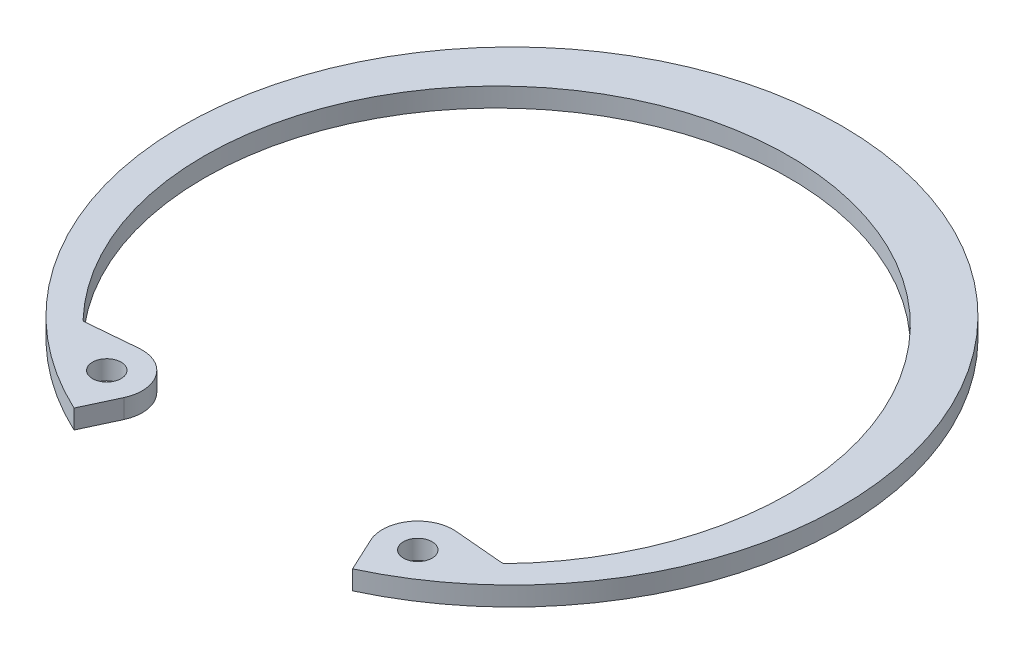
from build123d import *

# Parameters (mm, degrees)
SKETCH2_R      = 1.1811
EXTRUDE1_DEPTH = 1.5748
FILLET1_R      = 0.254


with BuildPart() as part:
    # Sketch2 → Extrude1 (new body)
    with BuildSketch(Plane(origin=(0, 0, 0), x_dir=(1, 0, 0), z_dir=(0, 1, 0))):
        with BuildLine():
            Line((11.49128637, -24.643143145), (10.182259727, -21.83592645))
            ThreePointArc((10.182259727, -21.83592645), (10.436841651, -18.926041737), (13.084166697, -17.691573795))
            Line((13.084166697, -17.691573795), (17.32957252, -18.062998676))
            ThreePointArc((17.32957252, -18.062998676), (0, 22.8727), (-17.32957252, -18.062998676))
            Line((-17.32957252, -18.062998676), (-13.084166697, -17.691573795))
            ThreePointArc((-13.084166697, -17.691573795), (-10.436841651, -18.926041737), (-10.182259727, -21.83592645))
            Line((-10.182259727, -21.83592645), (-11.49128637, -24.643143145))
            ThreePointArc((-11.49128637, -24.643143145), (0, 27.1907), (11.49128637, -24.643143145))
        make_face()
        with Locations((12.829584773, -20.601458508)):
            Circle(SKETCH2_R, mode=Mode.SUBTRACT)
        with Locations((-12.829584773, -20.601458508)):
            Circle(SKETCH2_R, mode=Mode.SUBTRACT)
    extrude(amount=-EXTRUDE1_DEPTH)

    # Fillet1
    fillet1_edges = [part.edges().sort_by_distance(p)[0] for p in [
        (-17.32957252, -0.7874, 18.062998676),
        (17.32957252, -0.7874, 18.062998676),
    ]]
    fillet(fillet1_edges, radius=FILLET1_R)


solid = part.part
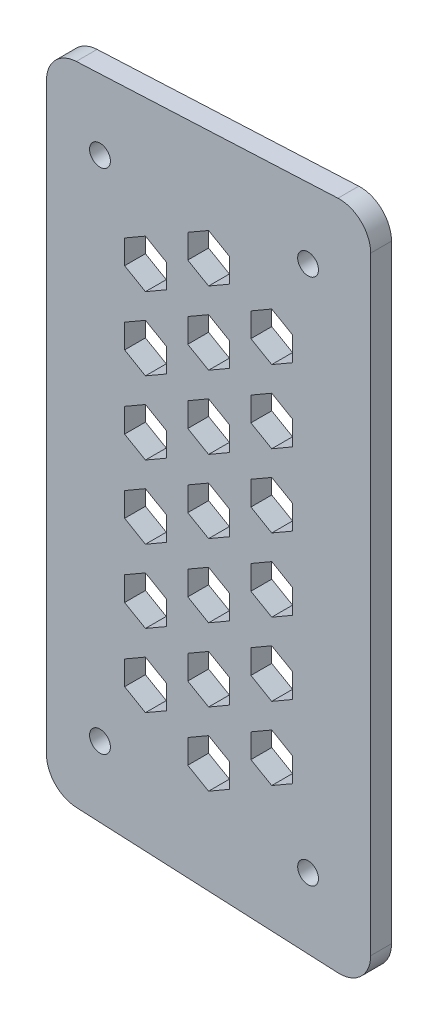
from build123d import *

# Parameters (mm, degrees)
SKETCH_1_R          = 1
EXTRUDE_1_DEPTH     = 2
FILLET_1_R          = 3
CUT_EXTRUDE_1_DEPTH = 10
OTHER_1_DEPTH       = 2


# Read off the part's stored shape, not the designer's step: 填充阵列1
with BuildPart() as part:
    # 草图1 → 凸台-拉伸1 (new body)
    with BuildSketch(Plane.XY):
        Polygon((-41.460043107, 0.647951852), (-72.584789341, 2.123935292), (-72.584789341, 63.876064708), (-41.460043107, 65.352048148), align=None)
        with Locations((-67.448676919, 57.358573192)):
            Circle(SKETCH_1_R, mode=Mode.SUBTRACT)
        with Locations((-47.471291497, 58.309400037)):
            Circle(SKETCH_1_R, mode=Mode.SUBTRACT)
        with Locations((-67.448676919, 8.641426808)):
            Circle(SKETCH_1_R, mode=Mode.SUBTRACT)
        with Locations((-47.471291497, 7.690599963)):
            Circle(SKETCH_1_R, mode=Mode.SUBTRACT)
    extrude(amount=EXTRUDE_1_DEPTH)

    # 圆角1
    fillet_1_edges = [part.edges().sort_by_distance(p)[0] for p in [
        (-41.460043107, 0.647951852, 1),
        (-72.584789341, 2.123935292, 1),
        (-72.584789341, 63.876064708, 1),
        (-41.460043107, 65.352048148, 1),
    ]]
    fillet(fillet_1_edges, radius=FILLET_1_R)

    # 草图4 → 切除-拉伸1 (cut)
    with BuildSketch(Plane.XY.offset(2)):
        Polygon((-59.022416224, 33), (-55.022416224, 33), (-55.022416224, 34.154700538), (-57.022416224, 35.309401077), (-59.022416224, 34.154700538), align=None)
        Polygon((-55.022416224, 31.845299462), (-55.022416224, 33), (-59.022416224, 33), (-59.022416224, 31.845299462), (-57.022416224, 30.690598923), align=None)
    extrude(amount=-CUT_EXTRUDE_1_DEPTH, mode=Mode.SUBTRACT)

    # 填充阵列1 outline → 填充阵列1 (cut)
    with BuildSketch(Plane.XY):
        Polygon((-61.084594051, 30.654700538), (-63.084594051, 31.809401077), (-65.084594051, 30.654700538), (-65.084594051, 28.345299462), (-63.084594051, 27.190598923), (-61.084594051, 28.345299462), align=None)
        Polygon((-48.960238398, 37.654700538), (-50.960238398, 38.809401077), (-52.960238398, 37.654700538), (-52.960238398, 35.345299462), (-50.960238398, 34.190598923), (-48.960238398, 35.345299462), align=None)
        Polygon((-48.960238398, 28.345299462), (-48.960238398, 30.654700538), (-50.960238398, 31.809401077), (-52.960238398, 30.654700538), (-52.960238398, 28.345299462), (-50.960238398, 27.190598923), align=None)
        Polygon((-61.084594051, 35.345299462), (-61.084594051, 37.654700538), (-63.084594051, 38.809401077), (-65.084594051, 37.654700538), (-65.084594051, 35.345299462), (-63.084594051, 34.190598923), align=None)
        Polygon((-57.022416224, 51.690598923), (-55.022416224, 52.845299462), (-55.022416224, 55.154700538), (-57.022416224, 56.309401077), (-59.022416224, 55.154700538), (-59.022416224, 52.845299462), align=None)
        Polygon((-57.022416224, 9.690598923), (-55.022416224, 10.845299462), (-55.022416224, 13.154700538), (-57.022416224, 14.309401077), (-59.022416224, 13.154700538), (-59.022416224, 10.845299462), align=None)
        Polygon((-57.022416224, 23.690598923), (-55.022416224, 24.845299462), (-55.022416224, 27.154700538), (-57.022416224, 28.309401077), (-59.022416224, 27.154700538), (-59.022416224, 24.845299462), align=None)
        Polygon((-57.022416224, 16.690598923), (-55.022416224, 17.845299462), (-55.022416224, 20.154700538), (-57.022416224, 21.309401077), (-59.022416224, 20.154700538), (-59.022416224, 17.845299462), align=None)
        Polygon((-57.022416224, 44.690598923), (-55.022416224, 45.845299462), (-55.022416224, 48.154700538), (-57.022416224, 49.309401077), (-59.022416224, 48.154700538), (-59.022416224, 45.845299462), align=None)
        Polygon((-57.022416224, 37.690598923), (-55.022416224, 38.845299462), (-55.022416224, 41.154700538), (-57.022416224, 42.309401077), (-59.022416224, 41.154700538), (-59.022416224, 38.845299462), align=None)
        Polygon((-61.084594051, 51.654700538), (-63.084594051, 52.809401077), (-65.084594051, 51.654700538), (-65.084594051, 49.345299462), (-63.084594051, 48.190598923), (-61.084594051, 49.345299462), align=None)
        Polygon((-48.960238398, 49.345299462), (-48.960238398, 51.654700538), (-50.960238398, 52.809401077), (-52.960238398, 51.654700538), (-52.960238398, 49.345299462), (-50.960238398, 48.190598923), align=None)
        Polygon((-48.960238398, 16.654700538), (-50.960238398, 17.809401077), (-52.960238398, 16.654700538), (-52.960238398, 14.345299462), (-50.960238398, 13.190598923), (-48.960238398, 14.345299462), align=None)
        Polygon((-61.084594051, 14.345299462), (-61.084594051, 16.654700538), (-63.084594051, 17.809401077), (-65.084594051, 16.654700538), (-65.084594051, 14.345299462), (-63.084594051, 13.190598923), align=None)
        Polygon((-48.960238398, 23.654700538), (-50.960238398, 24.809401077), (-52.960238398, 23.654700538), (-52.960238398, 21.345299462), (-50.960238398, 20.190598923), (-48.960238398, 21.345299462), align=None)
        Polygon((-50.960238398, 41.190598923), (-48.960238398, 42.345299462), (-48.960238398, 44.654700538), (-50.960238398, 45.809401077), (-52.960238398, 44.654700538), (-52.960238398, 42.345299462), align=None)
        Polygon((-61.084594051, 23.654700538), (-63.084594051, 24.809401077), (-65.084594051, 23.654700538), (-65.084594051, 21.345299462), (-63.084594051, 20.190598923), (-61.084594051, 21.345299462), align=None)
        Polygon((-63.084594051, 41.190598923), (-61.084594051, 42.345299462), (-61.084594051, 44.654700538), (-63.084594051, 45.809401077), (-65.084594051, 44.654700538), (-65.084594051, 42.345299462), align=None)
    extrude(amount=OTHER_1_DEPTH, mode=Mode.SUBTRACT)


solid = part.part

- _Work task_:
Each line holding the word "radius" must be pulled from the records.

- _Result_:
    fillet(fillet1_edges, radius=FILLET1_R)
    fillet(fillet_1_edges, radius=FILLET_1_R)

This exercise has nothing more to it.